REQUIRED WORK: Copy, exactly and without additions, every line in the records below from the one holding "#6=PRODUCT_DEFINITION_FORMATION('','',#4);" through the one holding "#25=VECTOR('',#24,1.);", both ends included.

SOURCE MATERIAL:
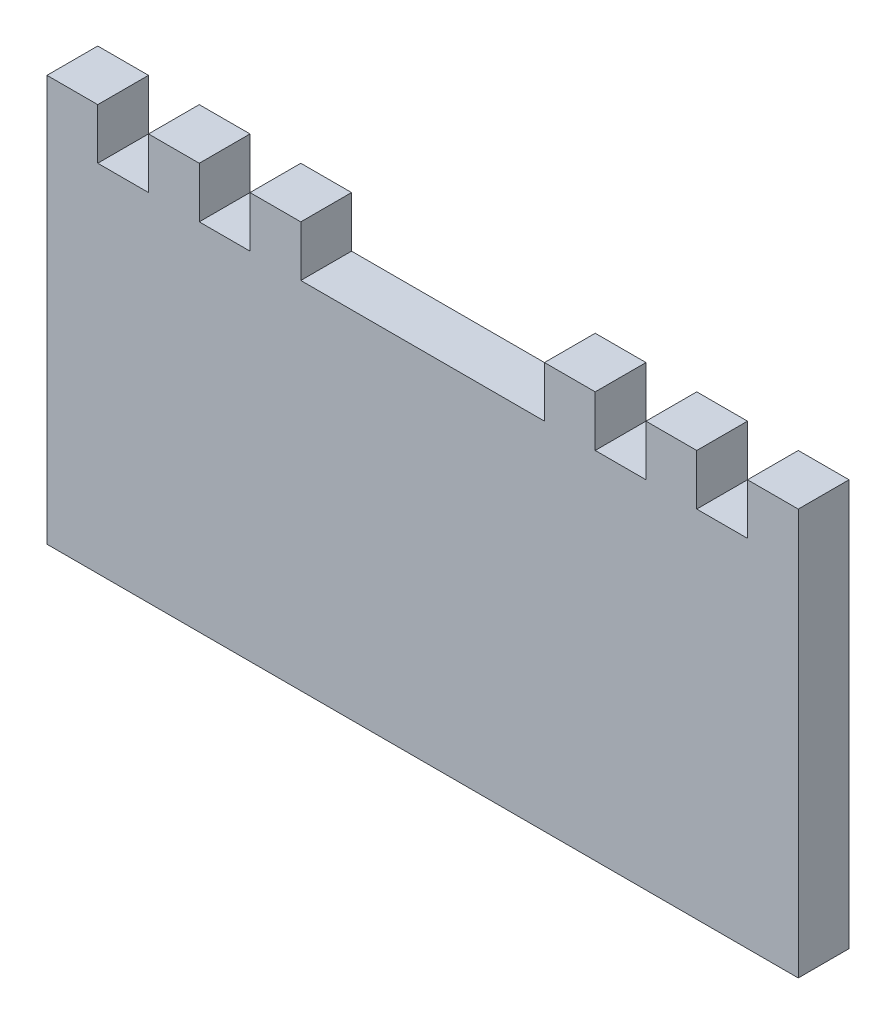
ISO-10303-21;
HEADER;
FILE_DESCRIPTION(('STEP AP214'),'2;1');
FILE_NAME('part.step','',(''),(''),'','','');
FILE_SCHEMA(('AUTOMOTIVE_DESIGN { 1 0 10303 214 1 1 1 1 }'));
ENDSEC;
DATA;
#1=APPLICATION_CONTEXT('core data for automotive mechanical design processes');
#2=APPLICATION_PROTOCOL_DEFINITION('international standard','automotive_design',2000,#1);
#3=PRODUCT_CONTEXT('',#1,'mechanical');
#4=PRODUCT('Part','Part','',(#3));
#5=PRODUCT_RELATED_PRODUCT_CATEGORY('part','',(#4));
#6=PRODUCT_DEFINITION_FORMATION('','',#4);
#7=PRODUCT_DEFINITION_CONTEXT('part definition',#1,'design');
#8=PRODUCT_DEFINITION('design','',#6,#7);
#9=PRODUCT_DEFINITION_SHAPE('','',#8);
#10=(LENGTH_UNIT() NAMED_UNIT(*) SI_UNIT(.MILLI.,.METRE.));
#11=(NAMED_UNIT(*) PLANE_ANGLE_UNIT() SI_UNIT($,.RADIAN.));
#12=(NAMED_UNIT(*) SI_UNIT($,.STERADIAN.) SOLID_ANGLE_UNIT());
#13=UNCERTAINTY_MEASURE_WITH_UNIT(LENGTH_MEASURE(1.E-05),#10,'distance_accuracy_value','');
#14=(GEOMETRIC_REPRESENTATION_CONTEXT(3) GLOBAL_UNCERTAINTY_ASSIGNED_CONTEXT((#13)) GLOBAL_UNIT_ASSIGNED_CONTEXT((#10,
#11,#12)) REPRESENTATION_CONTEXT('',''));
#15=CARTESIAN_POINT('',(0.,0.,0.));
#16=DIRECTION('',(0.,0.,1.));
#17=DIRECTION('',(1.,0.,0.));
#18=AXIS2_PLACEMENT_3D('',#15,#16,#17);
#19=CARTESIAN_POINT('',(-67.192826576935,-4.58125751271907,5.));
#20=DIRECTION('',(-1.,0.,0.));
#21=DIRECTION('',(0.,0.,1.));
#22=AXIS2_PLACEMENT_3D('',#19,#20,#21);
#23=PLANE('',#22);
#24=DIRECTION('',(0.,1.,0.));
#25=VECTOR('',#24,1.);
#26=CARTESIAN_POINT('',(-67.192826576935,-4.58125751271907,0.));
#27=LINE('',#26,#25);
#28=CARTESIAN_POINT('',(-67.192826576935,-9.58125751271907,0.));
#29=VERTEX_POINT('',#28);
#30=CARTESIAN_POINT('',(-67.192826576935,-4.58125751271907,0.));
#31=VERTEX_POINT('',#30);
#32=EDGE_CURVE('E225',#29,#31,#27,.T.);
#33=ORIENTED_EDGE('',*,*,#32,.T.);
#34=DIRECTION('',(0.,0.,-1.));
#35=VECTOR('',#34,1.);
#36=CARTESIAN_POINT('',(-67.192826576935,-4.58125751271907,5.));
#37=LINE('',#36,#35);
#38=CARTESIAN_POINT('',(-67.192826576935,-4.58125751271907,5.));
#39=VERTEX_POINT('',#38);
#40=EDGE_CURVE('E11',#39,#31,#37,.T.);
#41=ORIENTED_EDGE('',*,*,#40,.F.);
#42=DIRECTION('',(0.,1.,0.));
#43=VECTOR('',#42,1.);
#44=CARTESIAN_POINT('',(-67.192826576935,-4.58125751271907,5.));
#45=LINE('',#44,#43);
#46=CARTESIAN_POINT('',(-67.192826576935,-9.58125751271907,5.));
#47=VERTEX_POINT('',#46);
#48=EDGE_CURVE('E271',#47,#39,#45,.T.);
#49=ORIENTED_EDGE('',*,*,#48,.F.);
#50=DIRECTION('',(0.,0.,-1.));
#51=VECTOR('',#50,1.);
#52=CARTESIAN_POINT('',(-67.192826576935,-9.58125751271907,5.));
#53=LINE('',#52,#51);
#54=EDGE_CURVE('E221',#47,#29,#53,.T.);
#55=ORIENTED_EDGE('',*,*,#54,.T.);
#56=EDGE_LOOP('',(#33,#41,#49,#55));
#57=FACE_BOUND('',#56,.T.);
#58=ADVANCED_FACE('F33',(#57),#23,.F.);
#59=CARTESIAN_POINT('',(-67.192826576935,-4.58125751271907,5.));
#60=DIRECTION('',(0.,-1.,0.));
#61=DIRECTION('',(0.,0.,-1.));
#62=AXIS2_PLACEMENT_3D('',#59,#60,#61);
#63=PLANE('',#62);
#64=DIRECTION('',(-1.,0.,0.));
#65=VECTOR('',#64,1.);
#66=CARTESIAN_POINT('',(-67.192826576935,-4.58125751271907,0.));
#67=LINE('',#66,#65);
#68=CARTESIAN_POINT('',(-72.192826576935,-4.58125751271907,0.));
#69=VERTEX_POINT('',#68);
#70=EDGE_CURVE('E228',#31,#69,#67,.T.);
#71=ORIENTED_EDGE('',*,*,#70,.T.);
#72=DIRECTION('',(0.,0.,-1.));
#73=VECTOR('',#72,1.);
#74=CARTESIAN_POINT('',(-72.192826576935,-4.58125751271907,5.));
#75=LINE('',#74,#73);
#76=CARTESIAN_POINT('',(-72.192826576935,-4.58125751271907,5.));
#77=VERTEX_POINT('',#76);
#78=EDGE_CURVE('E41',#77,#69,#75,.T.);
#79=ORIENTED_EDGE('',*,*,#78,.F.);
#80=DIRECTION('',(-1.,0.,0.));
#81=VECTOR('',#80,1.);
#82=CARTESIAN_POINT('',(-67.192826576935,-4.58125751271907,5.));
#83=LINE('',#82,#81);
#84=EDGE_CURVE('E140',#39,#77,#83,.T.);
#85=ORIENTED_EDGE('',*,*,#84,.F.);
#86=ORIENTED_EDGE('',*,*,#40,.T.);
#87=EDGE_LOOP('',(#71,#79,#85,#86));
#88=FACE_BOUND('',#87,.T.);
#89=ADVANCED_FACE('F409',(#88),#63,.F.);
#90=CARTESIAN_POINT('',(-72.192826576935,-4.58125751271907,5.));
#91=DIRECTION('',(1.,0.,0.));
#92=DIRECTION('',(0.,0.,-1.));
#93=AXIS2_PLACEMENT_3D('',#90,#91,#92);
#94=PLANE('',#93);
#95=DIRECTION('',(0.,-1.,0.));
#96=VECTOR('',#95,1.);
#97=CARTESIAN_POINT('',(-72.192826576935,-4.58125751271907,0.));
#98=LINE('',#97,#96);
#99=CARTESIAN_POINT('',(-72.192826576935,-9.58125751271907,0.));
#100=VERTEX_POINT('',#99);
#101=EDGE_CURVE('E230',#69,#100,#98,.T.);
#102=ORIENTED_EDGE('',*,*,#101,.T.);
#103=DIRECTION('',(0.,0.,-1.));
#104=VECTOR('',#103,1.);
#105=CARTESIAN_POINT('',(-72.192826576935,-9.58125751271907,5.));
#106=LINE('',#105,#104);
#107=CARTESIAN_POINT('',(-72.192826576935,-9.58125751271907,5.));
#108=VERTEX_POINT('',#107);
#109=EDGE_CURVE('E326',#108,#100,#106,.T.);
#110=ORIENTED_EDGE('',*,*,#109,.F.);
#111=DIRECTION('',(0.,-1.,0.));
#112=VECTOR('',#111,1.);
#113=CARTESIAN_POINT('',(-72.192826576935,-4.58125751271907,5.));
#114=LINE('',#113,#112);
#115=EDGE_CURVE('E334',#77,#108,#114,.T.);
#116=ORIENTED_EDGE('',*,*,#115,.F.);
#117=ORIENTED_EDGE('',*,*,#78,.T.);
#118=EDGE_LOOP('',(#102,#110,#116,#117));
#119=FACE_BOUND('',#118,.T.);
#120=ADVANCED_FACE('F332',(#119),#94,.F.);
#121=CARTESIAN_POINT('',(-72.192826576935,-9.58125751271907,5.));
#122=DIRECTION('',(0.,-1.,0.));
#123=DIRECTION('',(1.,0.,0.));
#124=AXIS2_PLACEMENT_3D('',#121,#122,#123);
#125=PLANE('',#124);
#126=DIRECTION('',(-1.,0.,0.));
#127=VECTOR('',#126,1.);
#128=CARTESIAN_POINT('',(-72.192826576935,-9.58125751271907,0.));
#129=LINE('',#128,#127);
#130=CARTESIAN_POINT('',(-77.192826576935,-9.58125751271908,0.));
#131=VERTEX_POINT('',#130);
#132=EDGE_CURVE('E232',#100,#131,#129,.T.);
#133=ORIENTED_EDGE('',*,*,#132,.T.);
#134=DIRECTION('',(0.,0.,-1.));
#135=VECTOR('',#134,1.);
#136=CARTESIAN_POINT('',(-77.192826576935,-9.58125751271908,5.));
#137=LINE('',#136,#135);
#138=CARTESIAN_POINT('',(-77.192826576935,-9.58125751271908,5.));
#139=VERTEX_POINT('',#138);
#140=EDGE_CURVE('E323',#139,#131,#137,.T.);
#141=ORIENTED_EDGE('',*,*,#140,.F.);
#142=DIRECTION('',(-1.,0.,0.));
#143=VECTOR('',#142,1.);
#144=CARTESIAN_POINT('',(-72.192826576935,-9.58125751271907,5.));
#145=LINE('',#144,#143);
#146=EDGE_CURVE('E352',#108,#139,#145,.T.);
#147=ORIENTED_EDGE('',*,*,#146,.F.);
#148=ORIENTED_EDGE('',*,*,#109,.T.);
#149=EDGE_LOOP('',(#133,#141,#147,#148));
#150=FACE_BOUND('',#149,.T.);
#151=ADVANCED_FACE('F343',(#150),#125,.F.);
#152=CARTESIAN_POINT('',(-77.192826576935,-4.58125751271907,5.));
#153=DIRECTION('',(-1.,0.,0.));
#154=DIRECTION('',(0.,0.,1.));
#155=AXIS2_PLACEMENT_3D('',#152,#153,#154);
#156=PLANE('',#155);
#157=DIRECTION('',(0.,1.,0.));
#158=VECTOR('',#157,1.);
#159=CARTESIAN_POINT('',(-77.192826576935,-4.58125751271907,0.));
#160=LINE('',#159,#158);
#161=CARTESIAN_POINT('',(-77.192826576935,-4.58125751271907,0.));
#162=VERTEX_POINT('',#161);
#163=EDGE_CURVE('E234',#131,#162,#160,.T.);
#164=ORIENTED_EDGE('',*,*,#163,.T.);
#165=DIRECTION('',(0.,0.,-1.));
#166=VECTOR('',#165,1.);
#167=CARTESIAN_POINT('',(-77.192826576935,-4.58125751271907,5.));
#168=LINE('',#167,#166);
#169=CARTESIAN_POINT('',(-77.192826576935,-4.58125751271907,5.));
#170=VERTEX_POINT('',#169);
#171=EDGE_CURVE('E320',#170,#162,#168,.T.);
#172=ORIENTED_EDGE('',*,*,#171,.F.);
#173=DIRECTION('',(0.,1.,0.));
#174=VECTOR('',#173,1.);
#175=CARTESIAN_POINT('',(-77.192826576935,-4.58125751271907,5.));
#176=LINE('',#175,#174);
#177=EDGE_CURVE('E349',#139,#170,#176,.T.);
#178=ORIENTED_EDGE('',*,*,#177,.F.);
#179=ORIENTED_EDGE('',*,*,#140,.T.);
#180=EDGE_LOOP('',(#164,#172,#178,#179));
#181=FACE_BOUND('',#180,.T.);
#182=ADVANCED_FACE('F347',(#181),#156,.F.);
#183=CARTESIAN_POINT('',(-82.192826576935,-4.58125751271907,5.));
#184=DIRECTION('',(0.,-1.,0.));
#185=DIRECTION('',(0.,0.,-1.));
#186=AXIS2_PLACEMENT_3D('',#183,#184,#185);
#187=PLANE('',#186);
#188=DIRECTION('',(-1.,0.,0.));
#189=VECTOR('',#188,1.);
#190=CARTESIAN_POINT('',(-82.192826576935,-4.58125751271907,0.));
#191=LINE('',#190,#189);
#192=CARTESIAN_POINT('',(-82.192826576935,-4.58125751271907,0.));
#193=VERTEX_POINT('',#192);
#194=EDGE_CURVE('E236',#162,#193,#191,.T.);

FINISHED EXERCISE:
#6=PRODUCT_DEFINITION_FORMATION('','',#4);
#7=PRODUCT_DEFINITION_CONTEXT('part definition',#1,'design');
#8=PRODUCT_DEFINITION('design','',#6,#7);
#9=PRODUCT_DEFINITION_SHAPE('','',#8);
#10=(LENGTH_UNIT() NAMED_UNIT(*) SI_UNIT(.MILLI.,.METRE.));
#11=(NAMED_UNIT(*) PLANE_ANGLE_UNIT() SI_UNIT($,.RADIAN.));
#12=(NAMED_UNIT(*) SI_UNIT($,.STERADIAN.) SOLID_ANGLE_UNIT());
#13=UNCERTAINTY_MEASURE_WITH_UNIT(LENGTH_MEASURE(1.E-05),#10,'distance_accuracy_value','');
#14=(GEOMETRIC_REPRESENTATION_CONTEXT(3) GLOBAL_UNCERTAINTY_ASSIGNED_CONTEXT((#13)) GLOBAL_UNIT_ASSIGNED_CONTEXT((#10,
#11,#12)) REPRESENTATION_CONTEXT('',''));
#15=CARTESIAN_POINT('',(0.,0.,0.));
#16=DIRECTION('',(0.,0.,1.));
#17=DIRECTION('',(1.,0.,0.));
#18=AXIS2_PLACEMENT_3D('',#15,#16,#17);
#19=CARTESIAN_POINT('',(-67.192826576935,-4.58125751271907,5.));
#20=DIRECTION('',(-1.,0.,0.));
#21=DIRECTION('',(0.,0.,1.));
#22=AXIS2_PLACEMENT_3D('',#19,#20,#21);
#23=PLANE('',#22);
#24=DIRECTION('',(0.,1.,0.));
#25=VECTOR('',#24,1.);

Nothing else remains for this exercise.